Postisometric Relaxation (PIR)

LEWIT TECHNIQUE

The concept of applying postisometric relaxation in the treatment of myofascial pain was presented for the first time in a North American journal in 1984.  Combining this technique with reflex augmentation of relaxation greatly enhances its effectiveness. Enhancements include the use of gravity to take up the slack in the muscle and the use of coordinated respiration and eye movements.

For this technique to be effective, the patient must be relaxed and the body well supported. The muscle is passively and gently lengthened to the point of taking up the slack (reaching the barrier or the point of initial resistance). If this initial positioning causes pain, either the extent of the movement has been excessive or the patient has actively resisted the movement.

The process of postisometric relaxation is to contract the tense muscle isometrically against resistance and then to encourage it to lengthen during a period of complete voluntary relaxation. Gravity is an effective force to "encourage" release of the muscle tension.

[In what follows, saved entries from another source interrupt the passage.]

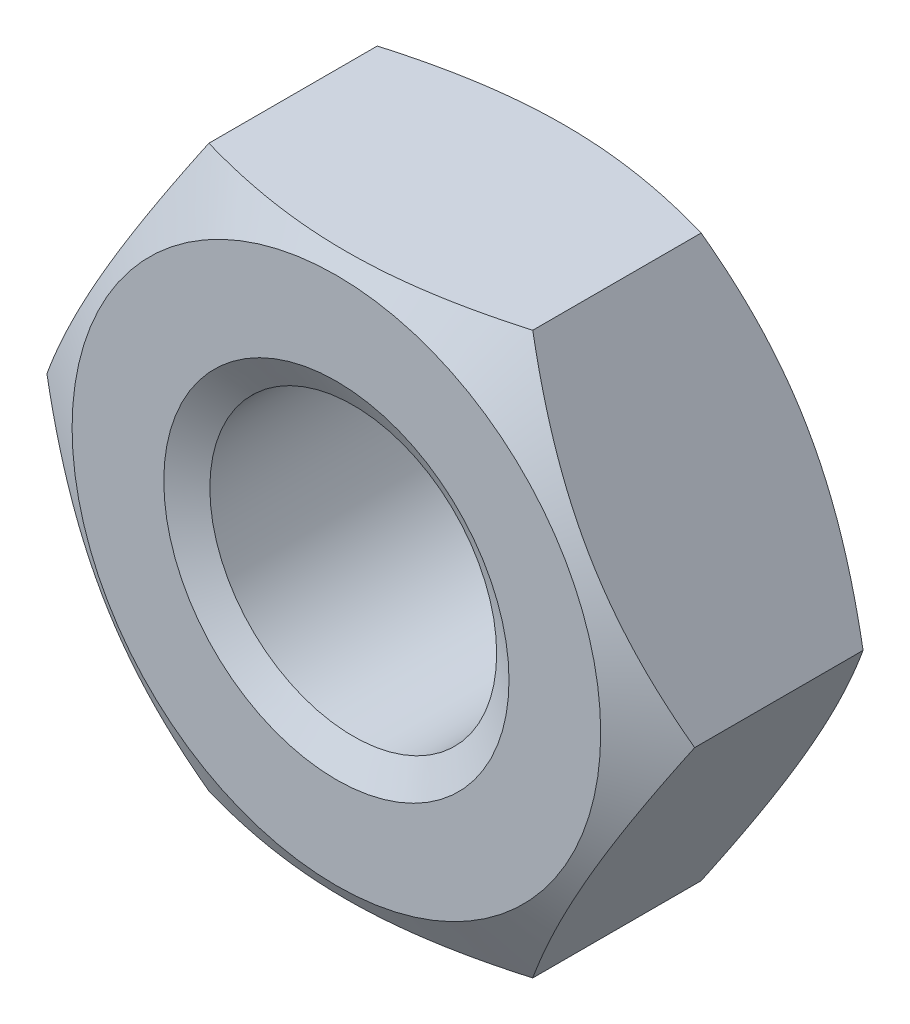
ISO-10303-21;
HEADER;
FILE_DESCRIPTION(('STEP AP214'),'2;1');
FILE_NAME('part.step','',(''),(''),'','','');
FILE_SCHEMA(('AUTOMOTIVE_DESIGN { 1 0 10303 214 1 1 1 1 }'));
ENDSEC;
DATA;
#1=APPLICATION_CONTEXT('core data for automotive mechanical design processes');
#2=APPLICATION_PROTOCOL_DEFINITION('international standard','automotive_design',2000,#1);
#3=PRODUCT_CONTEXT('',#1,'mechanical');
#4=PRODUCT('Part','Part','',(#3));
#5=PRODUCT_RELATED_PRODUCT_CATEGORY('part','',(#4));
#6=PRODUCT_DEFINITION_FORMATION('','',#4);
#7=PRODUCT_DEFINITION_CONTEXT('part definition',#1,'design');
#8=PRODUCT_DEFINITION('design','',#6,#7);
#9=PRODUCT_DEFINITION_SHAPE('','',#8);
#10=(LENGTH_UNIT() NAMED_UNIT(*) SI_UNIT(.MILLI.,.METRE.));
#11=(NAMED_UNIT(*) PLANE_ANGLE_UNIT() SI_UNIT($,.RADIAN.));
#12=(NAMED_UNIT(*) SI_UNIT($,.STERADIAN.) SOLID_ANGLE_UNIT());
#13=UNCERTAINTY_MEASURE_WITH_UNIT(LENGTH_MEASURE(1.E-05),#10,'distance_accuracy_value','');
#14=(GEOMETRIC_REPRESENTATION_CONTEXT(3) GLOBAL_UNCERTAINTY_ASSIGNED_CONTEXT((#13)) GLOBAL_UNIT_ASSIGNED_CONTEXT((#10,
#11,#12)) REPRESENTATION_CONTEXT('',''));
#15=CARTESIAN_POINT('',(0.,0.,0.));
#16=DIRECTION('',(0.,0.,1.));
#17=DIRECTION('',(1.,0.,0.));
#18=AXIS2_PLACEMENT_3D('',#15,#16,#17);
#19=CARTESIAN_POINT('',(0.,-13.,0.));
#20=DIRECTION('',(0.,0.,-1.));
#21=DIRECTION('',(-1.,0.,0.));
#22=AXIS2_PLACEMENT_3D('',#19,#20,#21);
#23=PLANE('',#22);
#24=CARTESIAN_POINT('',(0.,0.,0.));
#25=DIRECTION('',(0.,0.,-1.));
#26=DIRECTION('',(-1.,0.,0.));
#27=AXIS2_PLACEMENT_3D('',#24,#25,#26);
#28=CIRCLE('',#27,6.12499999994043);
#29=CARTESIAN_POINT('',(-6.12499999994043,0.,0.));
#30=VERTEX_POINT('',#29);
#31=EDGE_CURVE('E104',#30,#30,#28,.T.);
#32=ORIENTED_EDGE('',*,*,#31,.F.);
#33=EDGE_LOOP('',(#32));
#34=FACE_BOUND('',#33,.T.);
#35=CARTESIAN_POINT('',(0.,0.,0.));
#36=DIRECTION('',(0.,0.,1.));
#37=DIRECTION('',(1.,0.,0.));
#38=AXIS2_PLACEMENT_3D('',#35,#36,#37);
#39=CIRCLE('',#38,4.0000000000191);
#40=CARTESIAN_POINT('',(4.0000000000191,0.,0.));
#41=VERTEX_POINT('',#40);
#42=EDGE_CURVE('E19',#41,#41,#39,.F.);
#43=ORIENTED_EDGE('',*,*,#42,.T.);
#44=EDGE_LOOP('',(#43));
#45=FACE_BOUND('',#44,.T.);
#46=ADVANCED_FACE('F16',(#34,#45),#23,.F.);
#47=CARTESIAN_POINT('',(0.,0.,0.));
#48=DIRECTION('',(0.,0.,1.));
#49=DIRECTION('',(1.,0.,0.));
#50=AXIS2_PLACEMENT_3D('',#47,#48,#49);
#51=CONICAL_SURFACE('',#50,4.0000000000191,1.04719755120605);
#52=ORIENTED_EDGE('',*,*,#42,.F.);
#53=EDGE_LOOP('',(#52));
#54=FACE_BOUND('',#53,.T.);
#55=CARTESIAN_POINT('',(0.,0.,-0.39057745710678));
#56=DIRECTION('',(0.,0.,1.));
#57=DIRECTION('',(1.,0.,0.));
#58=AXIS2_PLACEMENT_3D('',#55,#56,#57);
#59=CIRCLE('',#58,3.3235);
#60=CARTESIAN_POINT('',(3.3235,0.,-0.39057745710678));
#61=VERTEX_POINT('',#60);
#62=EDGE_CURVE('E79',#61,#61,#59,.F.);
#63=ORIENTED_EDGE('',*,*,#62,.T.);
#64=EDGE_LOOP('',(#63));
#65=FACE_BOUND('',#64,.T.);
#66=ADVANCED_FACE('F151',(#54,#65),#51,.F.);
#67=CARTESIAN_POINT('',(0.,0.,-0.801845312196292));
#68=DIRECTION('',(0.,0.,-1.));
#69=DIRECTION('',(-1.,0.,0.));
#70=AXIS2_PLACEMENT_3D('',#67,#68,#69);
#71=CONICAL_SURFACE('',#70,7.5138368204648,1.04719755119331);
#72=CARTESIAN_POINT('',(7.50555349945997,-1.26746405809184E-11,-0.797062934582183));
#73=CARTESIAN_POINT('',(7.42306413225106,-0.142875775100371,-0.749446864134252));
#74=CARTESIAN_POINT('',(7.34026720584725,-0.286284258341302,-0.703991966642178));
#75=CARTESIAN_POINT('',(7.17400096467622,-0.574265835632288,-0.617999720662978));
#76=CARTESIAN_POINT('',(7.09053137628506,-0.718839403612883,-0.57746449352778));
#77=CARTESIAN_POINT('',(6.83878625276132,-1.15487474811409,-0.464034036214897));
#78=CARTESIAN_POINT('',(6.66951702603889,-1.44805764895502,-0.39951709945342));
#79=CARTESIAN_POINT('',(6.41620872846171,-1.88680049033741,-0.323865199560767));
#80=CARTESIAN_POINT('',(6.33292644226829,-2.03104964139492,-0.302314522006785));
#81=CARTESIAN_POINT('',(6.16598561363625,-2.32019963844327,-0.266178050220192));
#82=CARTESIAN_POINT('',(6.08232710510015,-2.46510042571322,-0.251591640626662));
#83=CARTESIAN_POINT('',(5.91486483881255,-2.75515357927398,-0.229755442526423));
#84=CARTESIAN_POINT('',(5.83106135446542,-2.90030547201451,-0.222497328854949));
#85=CARTESIAN_POINT('',(5.663381658914,-3.19073522410725,-0.215465561854509));
#86=CARTESIAN_POINT('',(5.57950545003741,-3.33601307942777,-0.215691677222158));
#87=CARTESIAN_POINT('',(5.34972638911367,-3.73400208746314,-0.226597904744973));
#88=CARTESIAN_POINT('',(5.20389879784426,-3.98658288468715,-0.244897374835346));
#89=CARTESIAN_POINT('',(4.913212163536,-4.49006690439025,-0.302918893745997));
#90=CARTESIAN_POINT('',(4.7683541423755,-4.74096835692412,-0.34266076347519));
#91=CARTESIAN_POINT('',(4.47708276744821,-5.24546517708864,-0.442001445728198));
#92=CARTESIAN_POINT('',(4.33070615631917,-5.49899690460388,-0.502021047428562));
#93=CARTESIAN_POINT('',(4.04013550251964,-6.00228004017317,-0.638240383200471));
#94=CARTESIAN_POINT('',(3.89593774018915,-6.25203789086733,-0.714408131324337));
#95=CARTESIAN_POINT('',(3.75277674973737,-6.49999999999169,-0.797062934584546));
#96=B_SPLINE_CURVE_WITH_KNOTS('',3,(#72,#73,#74,#75,#76,#77,#78,#79,#80,#81,#82,#83,#84,#85,#86,
#87,#88,#89,#90,#91,#92,#93,#94,#95),.UNSPECIFIED.,.F.,.F.,(4,2,2,2,2,2,2,2,2,2,2,4),(0.,
0.515097151807919,1.03041562924708,2.06319349702549,2.56693469263122,3.07063136955379,
3.57375518587219,4.0768634529426,4.95263085757274,5.82920919384532,6.72522583709603,
7.61948397792585),.UNSPECIFIED.);
#97=CARTESIAN_POINT('',(7.50555349943455,-6.01295083421546E-12,-0.797062934546425));
#98=VERTEX_POINT('',#97);
#99=CARTESIAN_POINT('',(3.75277674973527,-6.49999999999533,-0.797062934585759));
#100=VERTEX_POINT('',#99);
#101=EDGE_CURVE('E70',#98,#100,#96,.T.);
#102=ORIENTED_EDGE('',*,*,#101,.F.);
#103=CARTESIAN_POINT('',(3.75277674974378,6.49999999999553,-0.797062934579687));
#104=CARTESIAN_POINT('',(3.83526611694781,6.35712422490451,-0.74944686413392));
#105=CARTESIAN_POINT('',(3.9180630433495,6.21371574166224,-0.703991966642765));
#106=CARTESIAN_POINT('',(4.08432928451886,5.9257341643704,-0.617999720664248));
#107=CARTESIAN_POINT('',(4.16779887291045,5.78116059639029,-0.577464493528816));
#108=CARTESIAN_POINT('',(4.4195439964348,5.34512525188997,-0.464034036215522));
#109=CARTESIAN_POINT('',(4.58881322315667,5.05194235104894,-0.399517099454174));
#110=CARTESIAN_POINT('',(4.84212152073355,4.61319950966673,-0.323865199561441));
#111=CARTESIAN_POINT('',(4.92540380692696,4.46895035860932,-0.302314522007389));
#112=CARTESIAN_POINT('',(5.09234463555894,4.17980036156114,-0.266178050220664));
#113=CARTESIAN_POINT('',(5.17600314409498,4.03489957429126,-0.251591640627072));
#114=CARTESIAN_POINT('',(5.34346541038249,3.74484642073065,-0.229755442526694));
#115=CARTESIAN_POINT('',(5.42726889472957,3.5996945279902,-0.222497328855143));
#116=CARTESIAN_POINT('',(5.5949485902809,3.30926477589762,-0.215465561854542));
#117=CARTESIAN_POINT('',(5.67882479915745,3.16398692057717,-0.215691677222107));
#118=CARTESIAN_POINT('',(5.90860386008122,2.76599791254175,-0.226597904744688));
#119=CARTESIAN_POINT('',(6.05443145135071,2.5134171153176,-0.244897374834928));
#120=CARTESIAN_POINT('',(6.34511808565913,2.00993309561422,-0.302918893745348));
#121=CARTESIAN_POINT('',(6.48997610681972,1.7590316430802,-0.342660763474445));
#122=CARTESIAN_POINT('',(6.78124748174717,1.2545348229154,-0.442001445727291));
#123=CARTESIAN_POINT('',(6.92762409287628,1.00100309540004,-0.502021047427587));
#124=CARTESIAN_POINT('',(7.21819474667595,0.497719959830505,-0.638240383199387));
#125=CARTESIAN_POINT('',(7.3623925090065,0.247962109136237,-0.714408131323212));
#126=CARTESIAN_POINT('',(7.50555349945834,1.17642045864442E-11,-0.797062934583393));
#127=B_SPLINE_CURVE_WITH_KNOTS('',3,(#103,#104,#105,#106,#107,#108,#109,#110,#111,#112,#113,
#114,#115,#116,#117,#118,#119,#120,#121,#122,#123,#124,#125,#126),.UNSPECIFIED.,.F.,.F.,(4,2,2,
2,2,2,2,2,2,2,2,4),(0.,0.515097151807478,1.03041562924625,2.063193497024,2.56693469262949,
3.07063136955181,3.57375518586995,4.07686345294009,4.95263085757068,5.82920919384372,
6.72522583709482,7.61948397792498),.UNSPECIFIED.);
#128=CARTESIAN_POINT('',(3.75277674972718,6.5,-0.797062934585759));
#129=VERTEX_POINT('',#128);
#130=EDGE_CURVE('E60',#129,#98,#127,.T.);
#131=ORIENTED_EDGE('',*,*,#130,.F.);
#132=CARTESIAN_POINT('',(-3.75277674972309,6.50000000000748,-0.797062934579684));
#133=CARTESIAN_POINT('',(-3.58779801530686,6.50000000000275,-0.749446864133918));
#134=CARTESIAN_POINT('',(-3.42220416250001,6.50000000000075,-0.703991966642763));
#135=CARTESIAN_POINT('',(-3.08967168015869,6.49999999999925,-0.617999720664246));
#136=CARTESIAN_POINT('',(-2.92273250337635,6.49999999999974,-0.577464493528813));
#137=CARTESIAN_POINT('',(-2.41924225632901,6.50000000000052,-0.46403403621552));
#138=CARTESIAN_POINT('',(-2.08070380288452,6.50000000000009,-0.399517099454172));
#139=CARTESIAN_POINT('',(-1.57408720773052,6.49999999999995,-0.32386519956144));
#140=CARTESIAN_POINT('',(-1.40752263534376,6.49999999999999,-0.302314522007387));
#141=CARTESIAN_POINT('',(-1.07364097807985,6.50000000000001,-0.266178050220662));
#142=CARTESIAN_POINT('',(-0.906323961007753,6.5,-0.25159164062707));
#143=CARTESIAN_POINT('',(-0.57139942843272,6.5,-0.229755442526693));
#144=CARTESIAN_POINT('',(-0.403792459738558,6.5,-0.222497328855141));
#145=CARTESIAN_POINT('',(-0.0684330686359017,6.5,-0.21546556185454));
#146=CARTESIAN_POINT('',(0.0993193491171958,6.5,-0.215691677222106));
#147=CARTESIAN_POINT('',(0.558877470965063,6.5,-0.226597904744695));
#148=CARTESIAN_POINT('',(0.850532653504385,6.5,-0.244897374834969));
#149=CARTESIAN_POINT('',(1.4319059221219,6.5,-0.302918893745506));
#150=CARTESIAN_POINT('',(1.7216219644434,6.5,-0.342660763474685));
#151=CARTESIAN_POINT('',(2.30416471429897,6.5,-0.442001445727735));
#152=CARTESIAN_POINT('',(2.59691793655753,6.5,-0.502021047428155));
#153=CARTESIAN_POINT('',(3.17805924415753,6.5,-0.63824038320023));
#154=CARTESIAN_POINT('',(3.46645476881897,6.5,-0.714408131324206));
#155=CARTESIAN_POINT('',(3.75277674972298,6.5,-0.797062934584545));
#156=B_SPLINE_CURVE_WITH_KNOTS('',3,(#132,#133,#134,#135,#136,#137,#138,#139,#140,#141,#142,
#143,#144,#145,#146,#147,#148,#149,#150,#151,#152,#153,#154,#155),.UNSPECIFIED.,.F.,.F.,(4,2,2,
2,2,2,2,2,2,2,2,4),(0.,0.51509715180748,1.03041562924625,2.06319349702401,2.56693469262949,
3.07063136955181,3.57375518586995,4.07686345294009,4.95263085757168,5.82920919384574,
6.72522583709791,7.61948397792913),.UNSPECIFIED.);
#157=CARTESIAN_POINT('',(-3.75277674973526,6.49999999999533,-0.797062934585758));
#158=VERTEX_POINT('',#157);
#159=EDGE_CURVE('E90',#158,#129,#156,.T.);
#160=ORIENTED_EDGE('',*,*,#159,.F.);
#161=CARTESIAN_POINT('',(-7.50555349945997,1.26724419200023E-11,-0.79706293458218));
#162=CARTESIAN_POINT('',(-7.42306413225105,0.142875775100368,-0.74944686413425));
#163=CARTESIAN_POINT('',(-7.34026720584725,0.286284258341299,-0.703991966642177));
#164=CARTESIAN_POINT('',(-7.17400096467621,0.574265835632285,-0.617999720662976));
#165=CARTESIAN_POINT('',(-7.09053137628506,0.71883940361288,-0.577464493527778));
#166=CARTESIAN_POINT('',(-6.83878625276132,1.15487474811409,-0.464034036214895));
#167=CARTESIAN_POINT('',(-6.66951702603889,1.44805764895501,-0.399517099453419));
#168=CARTESIAN_POINT('',(-6.41620872846171,1.8868004903374,-0.323865199560765));
#169=CARTESIAN_POINT('',(-6.33292644226829,2.03104964139492,-0.302314522006782));
#170=CARTESIAN_POINT('',(-6.16598561363625,2.32019963844327,-0.266178050220189));
#171=CARTESIAN_POINT('',(-6.08232710510015,2.46510042571321,-0.25159164062666));
#172=CARTESIAN_POINT('',(-5.91486483881255,2.75515357927397,-0.229755442526421));
#173=CARTESIAN_POINT('',(-5.83106135446542,2.9003054720145,-0.222497328854946));
#174=CARTESIAN_POINT('',(-5.663381658914,3.19073522410724,-0.215465561854506));
#175=CARTESIAN_POINT('',(-5.57950545003741,3.33601307942776,-0.215691677222155));
#176=CARTESIAN_POINT('',(-5.34972638911367,3.73400208746313,-0.22659790474497));
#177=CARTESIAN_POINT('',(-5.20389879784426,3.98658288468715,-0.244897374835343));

Postisometric relaxation begins by having the patient perform an isometric contraction of the tense muscle at its initial tolerated length, while the clinician stabilizes that part of the body to prevent muscle shortening. Contraction should be slight (10-25% of maximum voluntary contraction). After holding this contraction for 3-10 sec., the patient is instructed to "let go" and to relax the body completely. During this relaxation phase, the clinician gently takes up any slack that develops in the muscle, noting the increase in range of motion. Care is taken to maintain the stretched length of the muscle and not to return it to the neutral position during subsequent cycles of isometric contraction and relaxation.

Respiration

The effectiveness of postisometric relaxation is augmented by combining it with phased respiration. Since inhalation encourages contraction of most muscles and exhalation encourages their relaxation, the contraction-relaxation cycle is coordinated with these phases of respiration. The patient slowly inhales during the isometric contraction phase and then slowly exhales during the relaxation phase. These breaths should be deep. Patients who have difficulty using such a slow respiratory pattern are helped by pausing, breathing naturally several times, and relaxing between each cycle.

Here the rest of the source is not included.